The disadvantage of BRNNs is that we need to see the entire sequence before we can make any predictions. This can be a problem in applications such as real-time speech recognition.

Note

the BRNN will let you take into account the entire speech utterance but if you use our straightforward implementation, you need to wait for the person to stop talking to get the entire utterance before you can actually process it and make a speech recognition prediction

For applications like these, there exists somewhat more complex modules that allow predictions to be made before the full sequence has been seen. bidirectional RNN as you've seen here. For many NLP applications where you can get the entire sentence all the same time, our standard BRNN algorithm is actually very effective.

Deep RNNs

The different versions of RNNs you've seen so far will already work quite well by themselves.
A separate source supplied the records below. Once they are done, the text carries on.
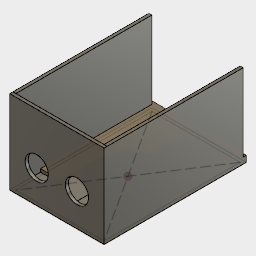
bottom shell v2 v7 (Autodesk Fusion 360 design; units mm, degrees)
Autodesk Fusion 360 part; units mm, degrees
note: some values were not read from the file. Set by a fixed rule: which sketch regions a step uses.
sketch "Sketch1" plane through (0, 0, 0) normal (0, 1, 0) x (1, 0, 0)
  line L0 (14.25, 22) -> (-14.25, 22)
  line L1 (-14.25, 22) -> (-14.25, -22)
  line L2 (-14.25, -22) -> (14.25, -22)
  line L3 (14.25, -22) -> (14.25, 22)
  line L4 (14.25, 22) -> (-14.25, -22) construction
  line L5 (-14.25, 22) -> (14.25, -22) construction
  line L6 (-15.25, 23) -> (-15.25, -23)
  line L7 (-15.25, -23) -> (15.25, -23)
  line L8 (15.25, -23) -> (15.25, 23)
  line L9 (15.25, 23) -> (-15.25, 23)
  dimension "d1" = 44
  dimension "d2" = 28.5
  dimension "d3" = 1
  measures "d1" distance of L0.end L1.end
  measures "d2" distance of L1.end L2.end
extrude "Extrude2" add sketch "Sketch1" along normal blind 2 contours L0 L1 L2 L3 makes body 1
extrude "Extrude1" add sketch "Sketch1" along normal blind 17 separate body makes body 2
sketch "Sketch2" plane through (0, 0, 23) normal (0, 0, 1) x (1, 0, 0)
  line L0 (-15.25, 0) -> (15.25, 0)
  line L1 (15.25, 0) -> (15.25, 17)
  line L2 (15.25, 17) -> (-15.25, 17)
  line L3 (-15.25, 17) -> (-15.25, 0)
  line L4 (0, 0) -> (0, 2)
  line L5 (-14.25, 2) -> (-16.75, 2)
  line L6 (14.25, 2) -> (15.25, 2)
  line L7 (14.25, 0) -> (14.25, 17)
  line L8 (-14.25, 0) -> (-14.25, 17)
  line L9 (-14.25, 2) -> (14.25, 2)
  line L10 (0, 2) -> (0, 4.8)
  line L11 (0, 4.8) -> (0, 8.55)
  line L12 (1.1168, 4.8) -> (-1, 4.8)
  line L13 (14.25, 10.55) -> (10.25, 10.55)
  line L14 (-14.25, 10.55) -> (-10.25, 10.55)
  line L15 (-10.25, 10.55) -> (-6.5, 10.55)
  line L16 (10.25, 10.55) -> (6.5, 10.55)
  circle A0 centre (-6.5, 10.55) radius 3.75
  circle A1 centre (6.5, 10.55) radius 3.75
  line L17 (0, 8.55) -> (0, 10.55)
  line L18 (-14.25, 10.55) -> (-6, 10.55)
  line L19 (14.25, 10.55) -> (6, 10.55)
  point P0 (-14.25, 2)
  point P1 (14.25, 2)
  point P2 (14.25, 0)
  point P3 (14.25, 17)
  point P4 (-14.25, 0)
  point P5 (-14.25, 17)
  dimension "d8" = 2
  dimension "d13" = 2.8
  dimension "d14" = 3.75
  dimension "d15" = 4
  dimension "d16" = 4
  dimension "d17" = 3.75
  dimension "d18" = 3.75
  dimension "d19" = 7.5
  dimension "d20" = 7.5
  dimension "d51" = 2
  measures "d8" distance of L4.start L4.end
  measures "d13" distance of L4.end L10.end
  measures "d14" distance of L10.end L11.end
  measures "d15" distance of L13.start L13.end
  measures "d16" distance of L14.start L14.end
  measures "d17" distance of L14.end L15.end
  measures "d18" distance of L13.end L16.end
  measures "d19" diameter of A0
  measures "d20" diameter of A1
  measures "d51" distance of L11.end L17.end
extrude "Extrude3" cut sketch "Sketch2" against normal blind 6 contours A0 | A1 bodies 2
sketch "Sketch3" plane through (0, 0, -23) normal (0, 0, -1) x (-1, 0, 0)
  line L0 (-15.25, 0) -> (15.25, 0)
  line L1 (15.25, 0) -> (15.25, 17)
  line L2 (15.25, 17) -> (-15.25, 17)
  line L3 (-15.25, 17) -> (-15.25, 0)
  line L4 (0, 0) -> (0, 2)
  line L5 (0, 2) -> (0, 4.8)
  line L6 (0, 4.8) -> (0, 8.55)
  circle A0 centre (0, 8.55) radius 3.75
  dimension "d23" = 2
  dimension "d24" = 2.8
  dimension "d25" = 3.75
  dimension "d26" = 7.5
  measures "d23" distance of L4.start L4.end
  measures "d24" distance of L4.end L5.end
  measures "d25" distance of L5.end L6.end
  measures "d26" diameter of A0
extrude "Extrude4" cut sketch "Sketch3" against normal blind 6 contours A0 bodies 2
sketch "Sketch4" plane through (15.25, 0, 0) normal (1, 0, 0) x (0, 0, -1)
  line L0 (-23, 0) -> (23, 0)
  line L1 (23, 0) -> (23, 17)
  line L2 (23, 17) -> (-23, 17)
  line L3 (-23, 17) -> (-23, 0)
  line L4 (-22, 0) -> (-22, 17)
  line L5 (-23, 4.2398) -> (-22, 4.2398)
  line L6 (23, 4.2398) -> (21.5, 4.2398)
  line L7 (0, 0) -> (0, 2)
  line L8 (-22, 2) -> (22, 2)
  line L9 (22, 2) -> (22, 17)
  line L10 (22, 17) -> (-22, 17)
  line L11 (-22, 17) -> (-22, 2)
  line L12 (-22, 6.4795) -> (22, 6.4795)
  line L13 (22, 6.4795) -> (22, 17)
  line L14 (22, 17) -> (-22, 17)
  line L15 (-22, 17) -> (-22, 6.4795)
  point P0 (-22, 2)
  point P1 (22, 17)
  dimension "d29" = 2
  measures "d29" distance of L7.start L7.end
extrude "Extrude5" cut sketch "Sketch4" against normal blind 71 contours L2 L4 L9 L10 L11 L12 L13 L14 L15 bodies 2
extrude "Extrude6" add 2 faces at (14.9167, 6.4795, 7.3333) (-14.5833, 6.4795, 7.3333) along direction (0, 1, 0) blind 0.02 on bodies 2 bodies 2
extrude "Extrude7" add 1 faces at (-1.71, 2.3531, 22) along direction (0, 0, -1) blind 1 on bodies 2 bodies 2 1
extrude "Extrude8" add 1 faces at (11.0278, 11.0516, -22) along direction (0, 0, 1) blind 1 on bodies 2 bodies 2
sketch "Sketch6" plane through (0, 2, 0) normal (0, 1, 0) x (-1, 0, 0)
  line L0 (-14.25, -21) -> (14.25, -21)
  line L1 (14.25, -21) -> (14.25, 21)
  line L2 (14.25, 21) -> (-14.25, 21)
  line L3 (-14.25, 21) -> (-14.25, -21)
  line L4 (-6, 7) -> (6, 7)
  line L5 (6, 7) -> (6, -7)
  line L6 (6, -7) -> (-6, -7)
  line L7 (-6, -7) -> (-6, 7)
  line L8 (-6, 7) -> (6, -7) construction
  line L9 (6, 7) -> (-6, -7) construction
extrude "Extrude9" cut sketch "Sketch6" against normal blind 1 contours L4 L5 L6 L7 bodies 2
sketch "Sketch7" plane through (0, 2, 0) normal (0, 1, 0) x (-1, 0, 0)
  line L0 (6, 7) -> (6, -7)
  line L1 (6, -7) -> (-6, -7)
  line L2 (-6, -7) -> (-6, 7)
  line L3 (-6, 7) -> (6, 7)
  line L4 (-14.25, -21) -> (14.25, -21)
  line L5 (14.25, -21) -> (14.25, 21)
  line L6 (14.25, 21) -> (-14.25, 21)
  line L7 (-14.25, 21) -> (-14.25, -21)
  line L8 (14.25, 21) -> (-0.75, 21)
  line L9 (-0.75, 21) -> (-0.75, 14)
  line L10 (-0.75, 14) -> (14.25, 14)
  line L11 (14.25, 14) -> (14.25, 21)
  line L12 (-14.25, -21) -> (0.75, -21)
  line L13 (0.75, -21) -> (0.75, -14)
  line L14 (0.75, -14) -> (-14.25, -14)
  line L15 (-14.25, -14) -> (-14.25, -21)
  dimension "d41" = 15
  dimension "d42" = 7
  dimension "d43" = 15
  dimension "d44" = 7
  measures "d41" distance of L9.end L10.end
  measures "d42" distance of L8.end L9.end
  measures "d43" distance of L4.start L12.end
  measures "d44" distance of L4.start L14.end
extrude "Extrude10" cut sketch "Sketch7" against normal blind 1 contours L4 L7 L12 L13 L14 L15 | L5 L6 L8 L9 L10 L11 bodies 2
sketch "Sketch8" plane through (0, 0, -21) normal (0, 0, 1) x (1, 0, 0)
  line L0 (14.25, 1) -> (14.25, 6.4995)
  line L1 (14.25, 6.4995) -> (15.25, 6.4995)
  line L2 (15.25, 6.4995) -> (15.25, 17)
  line L3 (15.25, 17) -> (-15.25, 17)
  line L4 (-15.25, 17) -> (-15.25, 6.4995)
  line L5 (-15.25, 6.4995) -> (-14.25, 6.4995)
  line L6 (-14.25, 6.4995) -> (-14.25, 2)
  line L7 (-14.25, 2) -> (-0.75, 2)
  line L8 (-0.75, 2) -> (-0.75, 1)
  line L9 (-0.75, 1) -> (14.25, 1)
  circle A0 centre (0, 8.55) radius 3.75
  line L10 (-15.25, 17) -> (14.5, 17)
  line L11 (14.5, 17) -> (14.5, 2)
  line L12 (14.5, 2) -> (-15.25, 2)
  line L13 (-15.25, 2) -> (-15.25, 17)
extrude "Extrude11" cut sketch "Sketch8" against normal blind 8 contours L0 L1 L3 L4 L5 L6 L7 L10 L11 L12 L13 | L1 L2 L3 L11 bodies 2
sketch "Sketch9" plane through (0, 0, -23) normal (0, 0, -1) x (-1, 0, 0)
  line L0 (15.25, 6.4995) -> (14.25, 6.4995)
  line L1 (14.25, 6.4995) -> (14.25, 2)
  line L2 (14.25, 2) -> (-14.25, 2)
  line L3 (-14.25, 2) -> (-14.25, 6.4995)
  line L4 (-14.25, 6.4995) -> (-15.25, 6.4995)
  line L5 (-15.25, 6.4995) -> (-15.25, 0)
  line L6 (-15.25, 0) -> (15.25, 0)
  line L7 (15.25, 0) -> (15.25, 6.4995)
  line L8 (14.25, 2) -> (15.25, 1.9841)
  line L9 (-14.25, 2) -> (-14.75, 2)
extrude "Extrude12" cut sketch "Sketch9" against normal blind 2 bodies 2
sketch "Sketch10" plane through (0, 0, -21) normal (0, 0, -1) x (-1, 0, 0)
  line L0 (0.75, 2) -> (0.75, 1)
  line L1 (0.75, 1) -> (-14.25, 1)
  line L2 (-14.25, 1) -> (-14.25, 6.4995)
  line L3 (-14.25, 6.4995) -> (-15.25, 6.4995)
  line L4 (-15.25, 6.4995) -> (-15.25, 0)
  line L5 (-15.25, 0) -> (15.25, 0)
  line L6 (15.25, 0) -> (15.25, 6.4995)
  line L7 (15.25, 6.4995) -> (14.25, 6.4995)
  line L8 (14.25, 6.4995) -> (14.25, 2)
  line L9 (14.25, 2) -> (0.75, 2)
  line L10 (14.25, 2) -> (15.25, 1.9623)
  line L11 (15.25, 2) -> (15.25, 0)
  line L12 (15.25, 0) -> (-15, 0)
  line L13 (14.25, 2) -> (-15.25, 2)
  line L14 (-15.25, 2) -> (15.25, 2)
  line L15 (15.25, 2) -> (15.25, 0)
  line L16 (15.25, 0) -> (-15.25, 0)
  line L17 (-15.25, 0) -> (-15.25, 2)
  point P0 (-14.25, 2)
extrude "Extrude13" add sketch "Sketch10" along normal blind 1 contours L6 L7 L8 L14 | L2 L3 L4 L13 L14 bodies 2
extrude "Extrude14" add 1 faces at (-10.0833, 1, -21) along direction (0, 0, -1) blind 2 on bodies 2 bodies 2
sketch "Sketch11" plane through (14.25, 0, 0) normal (-1, 0, 0) x (0, 0, 1)
  line L0 (-23, 1) -> (-14, 1)
  line L1 (-14, 1) -> (-14, 2)
  line L2 (-14, 2) -> (21, 2)
  line L3 (21, 2) -> (21, 6.4995)
  line L4 (21, 6.4995) -> (-22, 6.4995)
  line L5 (-22, 6.4995) -> (-22, 2)
  line L6 (-22, 2) -> (-23, 2)
  line L7 (-23, 2) -> (-23, 1)
  line L8 (-22, 2) -> (-22, 1)
extrude "Extrude15" add sketch "Sketch11" along normal blind 15 contours L0 L6 L7 L8 bodies 2
extrude "Extrude16" cut 1 faces at (-6.7601, 2.9368, 21) along direction (0, 0, 1) blind 1 on bodies 2 bodies 2
sketch "Sketch12" plane through (0, 2, 0) normal (0, 1, 0) x (-1, 0, 0)
  line L0 (6, 7) -> (6, -7)
  line L1 (6, -7) -> (-6, -7)
  line L2 (-6, -7) -> (-6, 7)
  line L3 (-6, 7) -> (6, 7)
  line L4 (-14.25, -22) -> (-15.25, -22)
  line L5 (-15.25, -22) -> (-15.25, -23)
  line L6 (-15.25, -23) -> (15.25, -23)
  line L7 (15.25, -23) -> (15.25, -22)
  line L8 (15.25, -22) -> (14.25, -22)
  line L9 (14.25, -22) -> (14.25, 14)
  line L10 (14.25, 14) -> (-0.75, 14)
  line L11 (-0.75, 14) -> (-0.75, 22)
  line L12 (-0.75, 22) -> (-14.25, 22)
  line L13 (-14.25, 22) -> (-14.25, -14)
  line L14 (-14.25, -14) -> (0.75, -14)
  line L15 (0.75, -14) -> (0.75, -22)
  line L16 (0.75, -22) -> (-14.25, -22)
  line L17 (0.75, -14) -> (-8, -14)
  line L18 (-8, -14) -> (-8, 0)
  line L19 (-8, 0) -> (0.75, 0)
  line L20 (0.75, 0) -> (0.75, -14)
extrude "Extrude17" cut sketch "Sketch12" against normal blind 1 contours L1 L2 L14 L17 L18 L19 L20 | L1 L2 L19 L20 bodies 2
sketch "Sketch13" plane through (0, 2, 0) normal (0, 1, 0) x (-1, 0, 0)
  line L0 (0.75, -7) -> (0.75, -22)
  line L1 (0.75, -22) -> (-14.25, -22)
  line L2 (-14.25, -22) -> (-15.25, -22)
  line L3 (-15.25, -22) -> (-15.25, -23)
  line L4 (-15.25, -23) -> (15.25, -23)
  line L5 (15.25, -23) -> (15.25, -22)
  line L6 (15.25, -22) -> (14.25, -22)
  line L7 (14.25, -22) -> (14.25, 14)
  line L8 (14.25, 14) -> (-0.75, 14)
  line L9 (-0.75, 14) -> (-0.75, 22)
  line L10 (-0.75, 22) -> (-14.25, 22)
  line L11 (-14.25, 22) -> (-14.25, -14)
  line L12 (-14.25, -14) -> (-8, -14)
  line L13 (-8, -14) -> (-8, 0)
  line L14 (-8, 0) -> (-6, 0)
  line L15 (-6, 0) -> (-6, 7)
  line L16 (-6, 7) -> (6, 7)
  line L17 (6, 7) -> (6, -7)
  line L18 (6, -7) -> (0.75, -7)
  line L19 (-0.75, 14) -> (8, 14)
  line L20 (8, 14) -> (8, 0)
  line L21 (8, 0) -> (-0.75, 0)
  line L22 (-0.75, 0) -> (-0.75, 14)
extrude "Extrude18" cut sketch "Sketch13" against normal blind 1 contours L8 L16 L17 L19 L20 L21 L22 bodies 2
extrude "Extrude19" add 1 faces at (5.0833, 17, 22.6667) along direction (0, 1, 0) blind 10 on bodies 2 bodies 2
extrude "Extrude20" add 2 faces at (-14.9167, 6.4995, 7.3333) (14.9167, 6.4995, -7.3333) along direction (0, 1, 0) blind 20.5 on bodies 2 bodies 2
sketch "Sketch14" plane through (0, 2, 0) normal (0, 1, 0) x (-1, 0, 0)
  line L0 (8, 14) -> (8, 0)
  line L1 (8, 0) -> (6, 0)
  line L2 (6, 0) -> (6, -7)
  line L3 (6, -7) -> (0.75, -7)
  line L4 (0.75, -7) -> (0.75, -22)
  line L5 (0.75, -22) -> (-14.25, -22)
  line L6 (-14.25, -22) -> (-15.25, -22)
  line L7 (-15.25, -22) -> (-15.25, -23)
  line L8 (-15.25, -23) -> (15.25, -23)
  line L9 (15.25, -23) -> (15.25, -22)
  line L10 (15.25, -22) -> (14.25, -22)
  line L11 (14.25, -22) -> (14.25, 14)
  line L12 (14.25, 14) -> (8, 14)
equation "d14 = ( 7.5 / 2 ) * 1 mm"
equation "d17 = ( 7.5 / 2 ) * 1 mm"
equation "d18 = ( 7.5 / 2 ) * 1 mm"
equation "d25 = ( 7.5 / 2 ) * 1 mm"

But for learning very complex functions sometimes is useful to stack multiple layers of RNNs together to build even deeper versions of these models.

Recall, that for a standard neural network we have some input x which is fed to a hidden layer with activations a^{[l]} which are in turn fed to the next layer to produce activations a^{[l+1]}. In this was, we can stack as many layers as we like. The same is true of RNNs. Lets use the notation a^{[l]<t>} to denote the activations of layer l for timestep t.

A stacked RNN would thus look something like the following:

deep_rnn_clean.png

The computation of, for example, a^{[2]<3>} would be:

a^{[2]<3>} = g(W_a^{[2]}[a^{[2]<2>}, a^{[1]<3>}] + b_a^{[2]})

Notice that the second layer has parameters W_a^{[2]} and b_a^{[2]} which are shared across all timesteps, but not across the layers (which have their own corresponding set of parameters).

Unlike standard neural networks, we rarely stack RNNs very deep. Part of the reason is that RNNs are already quite large due to their temporal dimension.

Note

A common depth would be 2 stacked RNNs.

Something that has become more common is to apply deep neural networks to the output of each timestep. In this approach, the same deep neural network is typically applied to each output of the final RNN layer.